# Sedona/Grand Canyon



## New2time (May 25, 2012)

Headed to Sedona next week- will stay there 7 nights and go over to the grand canyon and stay 2 nights on the rim of the canyon. Any suggestions on activities/restaurants/ etc. to hit or miss while there? We do have some reservations already for tours but just wondering if I am missing anything.


----------



## Timeshare Von (May 25, 2012)

Pink Jeep's "Broken Arrow Tour" is not to be missed in Sedona.


----------



## DaveNV (May 25, 2012)

Others may think it's a bit "touristy," but we enjoyed eating at the Javelina Cantina in Sedona.  Mexican food with a bit of a twist.

Dave


----------



## WinniWoman (May 25, 2012)

New2time said:


> Headed to Sedona next week- will stay there 7 nights and go over to the grand canyon and stay 2 nights on the rim of the canyon.
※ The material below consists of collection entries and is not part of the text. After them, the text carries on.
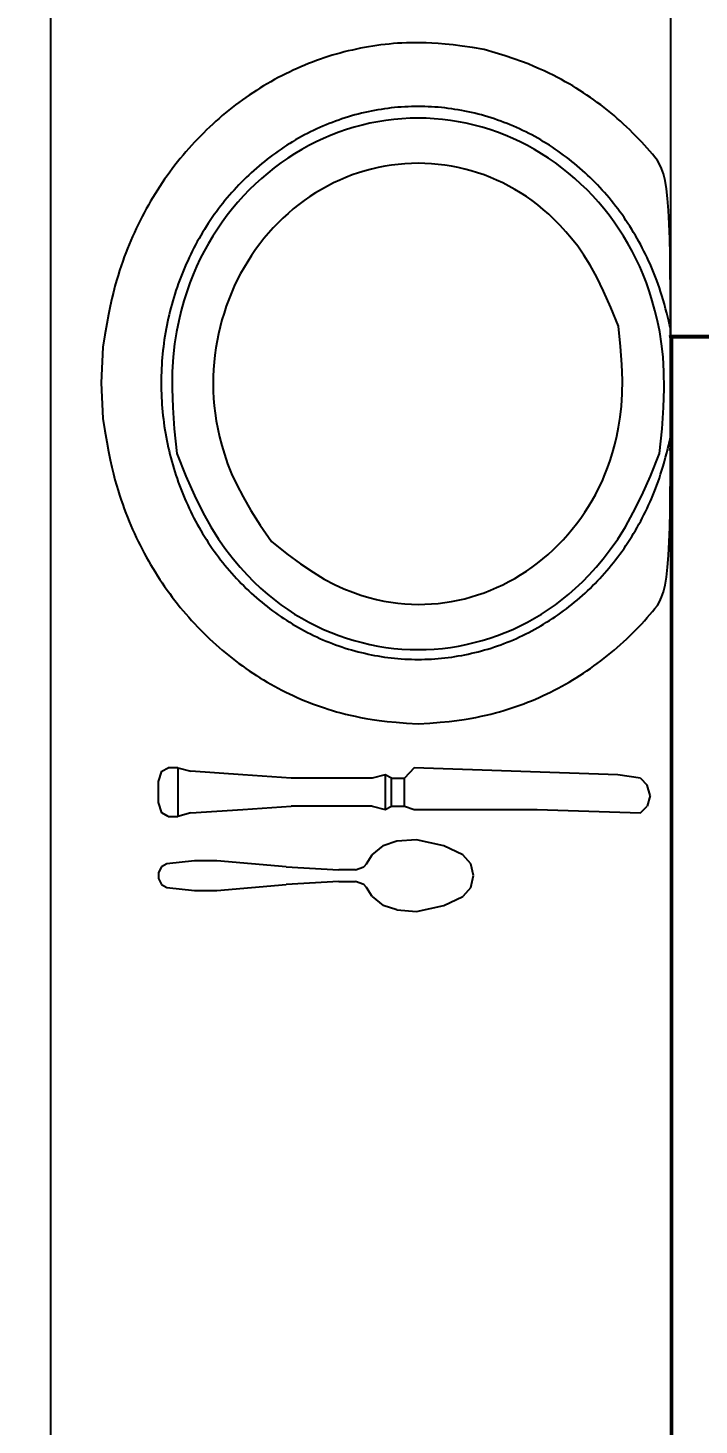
# Model space of a CAD drawing. Header units: metres. Extents: x 244.4 to 340.3, y -4.1 to 64.3.
# Drawn here: x 312.112 to 312.463, y 47.052 to 47.783 of the extents above; entities that cross this region are included whole.
import ezdxf

# ---------------------------------------------------------------- set-up
doc = ezdxf.new("R2010")
doc.units = ezdxf.units.M
doc.layers.get('Defpoints').update_dxf_attribs({"lineweight": 0})
doc.layers.add('Edges', color=7, linetype='Continuous')
doc.styles.add('TEXTS', font='swissl.ttf')
doc.dimstyles.new('Copy of DIMTEXT', dxfattribs={"dimscale": 0.3, "dimtxt": 0.22, "dimasz": 0.18, "dimexe": 0.05, "dimexo": 0.05, "dimgap": 0.05, "dimtad": 0, "dimzin": 1, "dimdsep": 46, "dimtxsty": 'TEXTS', "dimblk": 'ARCHTICK', "dimcen": 0.1, "dimclrd": 256, "dimclre": 6, "dimclrt": 7, "dimadec": 0, "dimazin": 0, "dimtfac": 0.15, "dimtix": 1, "dimtofl": 0, "dimtmove": 1, "dimatfit": 3, "dimldrblk": 'OPEN', "dimfxl": 0, "dimtolj": 1, "dimtzin": 0, "dimarcsym": 0})

# ---------------------------------------------------------------- blocks, each defined once
blk = doc.blocks.new('turjd+')
at = {"layer": 'Edges'}
for p, q in [((565.101, 153.413), (565.101, 171.523)), ((565.14, 153.452), (565.14, 171.484)), ((537.936, 153.413), (562.416, 153.413)), ((562.416, 153.413), (565.101, 153.413)), ((565.16, 153.413), (565.1, 153.404)), ((565.101, 153.413), (565.14, 153.452)), ((565.101, 153.413), (565.16, 153.413)), ((592.03, 153.452), (565.14, 153.452)), ((565.16, 153.413), (567.124, 153.413)), ((567.185, 153.404), (567.124, 153.413)), ((567.124, 153.413), (569.869, 153.413)), ((569.869, 153.413), (591.55, 153.413)), ((573.43, 153.048), (573.241, 152.989)), ((573.43, 153.048), (573.619, 152.989)), ((573.115, 152.872), (573.052, 152.462)), ((573.115, 152.872), (573.241, 152.989)), ((573.745, 152.872), (573.619, 152.989)), ((573.682, 150.997), (573.745, 152.872)), ((573.052, 152.462), (572.926, 148.771)), ((573.682, 148.771), (573.682, 150.997)), ((574.663, 149.798), (574.501, 149.652)), ((574.879, 149.848), (574.663, 149.798)), ((575.095, 149.798), (574.879, 149.848)), ((575.095, 149.798), (575.257, 149.652)), ((574.501, 149.652), (574.339, 149.307)), ((575.419, 149.307), (575.257, 149.652)), ((574.339, 149.307), (574.231, 148.811)), ((575.527, 148.811), (575.419, 149.307)), ((572.926, 148.771), (573.115, 148.595)), ((573.619, 148.595), (573.682, 148.771)), ((574.231, 148.811), (574.258, 148.46)), ((575.5, 148.46), (575.527, 148.811)), ((573.115, 148.361), (573.115, 148.595)), ((573.619, 148.595), (573.115, 148.595)), ((573.619, 148.361), (573.619, 148.595)), ((574.258, 148.46), (574.339, 148.209)), ((575.5, 148.46), (575.419, 148.209)), ((573.115, 148.361), (573.052, 148.244)), ((573.052, 148.244), (573.682, 148.244)), ((573.052, 148.244), (573.115, 148.009)), ((573.619, 148.361), (573.115, 148.361)), ((573.682, 148.244), (573.619, 148.361)), ((573.619, 148.009), (573.682, 148.244)), ((574.501, 148.009), (574.339, 148.209)), ((575.257, 148.009), (575.419, 148.209)), ((573.115, 148.009), (573.115, 146.545)), ((573.619, 148.009), (573.619, 146.545)), ((574.663, 147.909), (574.501, 148.009)), ((575.257, 148.009), (575.095, 147.909)), ((574.663, 147.909), (574.717, 147.859)), ((574.771, 147.708), (574.717, 147.859)), ((574.771, 147.708), (574.771, 147.407)), ((575.041, 147.859), (574.987, 147.708)), ((574.987, 147.407), (574.987, 147.708)), ((575.095, 147.909), (575.041, 147.859)), ((574.717, 146.452), (574.771, 147.407)), ((574.987, 147.407), (575.041, 146.452)), ((573.115, 146.545), (573.052, 145.666)), ((573.682, 145.666), (573.619, 146.545)), ((574.717, 146.452), (574.609, 145.197)), ((575.149, 145.197), (575.041, 146.452)), ((573.052, 145.666), (572.989, 144.728)), ((573.745, 144.728), (573.682, 145.666)), ((574.609, 145.197), (574.609, 144.795)), ((575.149, 144.795), (575.149, 145.197)), ((572.926, 144.494), (572.989, 144.728)), ((573.745, 144.728), (573.808, 144.494)), ((574.609, 144.795), (574.663, 144.293)), ((575.095, 144.293), (575.149, 144.795)), ((572.926, 144.494), (572.926, 144.318)), ((572.926, 144.494), (573.808, 144.494)), ((573.808, 144.318), (573.808, 144.494)), ((572.989, 144.201), (572.926, 144.318)), ((573.178, 144.143), (572.989, 144.201)), ((573.745, 144.201), (573.556, 144.143)), ((573.808, 144.318), (573.745, 144.201)), ((574.663, 144.293), (574.717, 144.193)), ((574.717, 144.193), (574.825, 144.143)), ((574.933, 144.143), (575.041, 144.193)), ((575.041, 144.193), (575.095, 144.293)), ((573.556, 144.143), (573.178, 144.143)), ((574.825, 144.143), (574.933, 144.143)), ((512.541, 142.184), (619.503, 142.184))]:
    blk.add_line(p, q, dxfattribs=at)
for points in [[(572.133, 148.843), (572.119, 149.055), (572.104, 149.241), (572.088, 149.404), (572.071, 149.547), (572.053, 149.675), (572.034, 149.788), (572.015, 149.89), (571.995, 149.985), (571.975, 150.075), (571.955, 150.16), (571.934, 150.242), (571.913, 150.32), (571.891, 150.396), (571.868, 150.47), (571.844, 150.542), (571.82, 150.614), (571.794, 150.685), (571.768, 150.756), (571.741, 150.827), (571.712, 150.897), (571.683, 150.967), (571.652, 151.036), (571.621, 151.105), (571.589, 151.174), (571.556, 151.242), (571.521, 151.31), (571.486, 151.378), (571.45, 151.445), (571.413, 151.511), (571.375, 151.577), (571.336, 151.643), (571.296, 151.708), (571.255, 151.773), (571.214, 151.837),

Any suggestions on activities/restaurants/ etc. to hit or miss while there? We do have some reservations already for tours but just wondering if I am missing anything.



They aslo have ATV desert tours. My husband and son loved it! Montezuma is a cliff dwelling nearby. We made the drive to Petrified National Park (2 hours) to see the Blue Mesas and the Painted desert. Actually, enjoyed it just as much as the Grand Canyon.


----------



## DAman (May 25, 2012)

*Sedona Restaurants*

Elote Cafe and Dan's Bistro.  Both excellent places to eat in Sedona. You can bring your own wine to Dan's for a very small corkage fee(around $5).  Homemade ice cream at Elote was the best chocolate ice cream I have ever eaten.

DAman


----------



## spencersmama (May 25, 2012)

I love this place in Sedona, the Palatki Heritage Site, but you need to make reservations in advance.  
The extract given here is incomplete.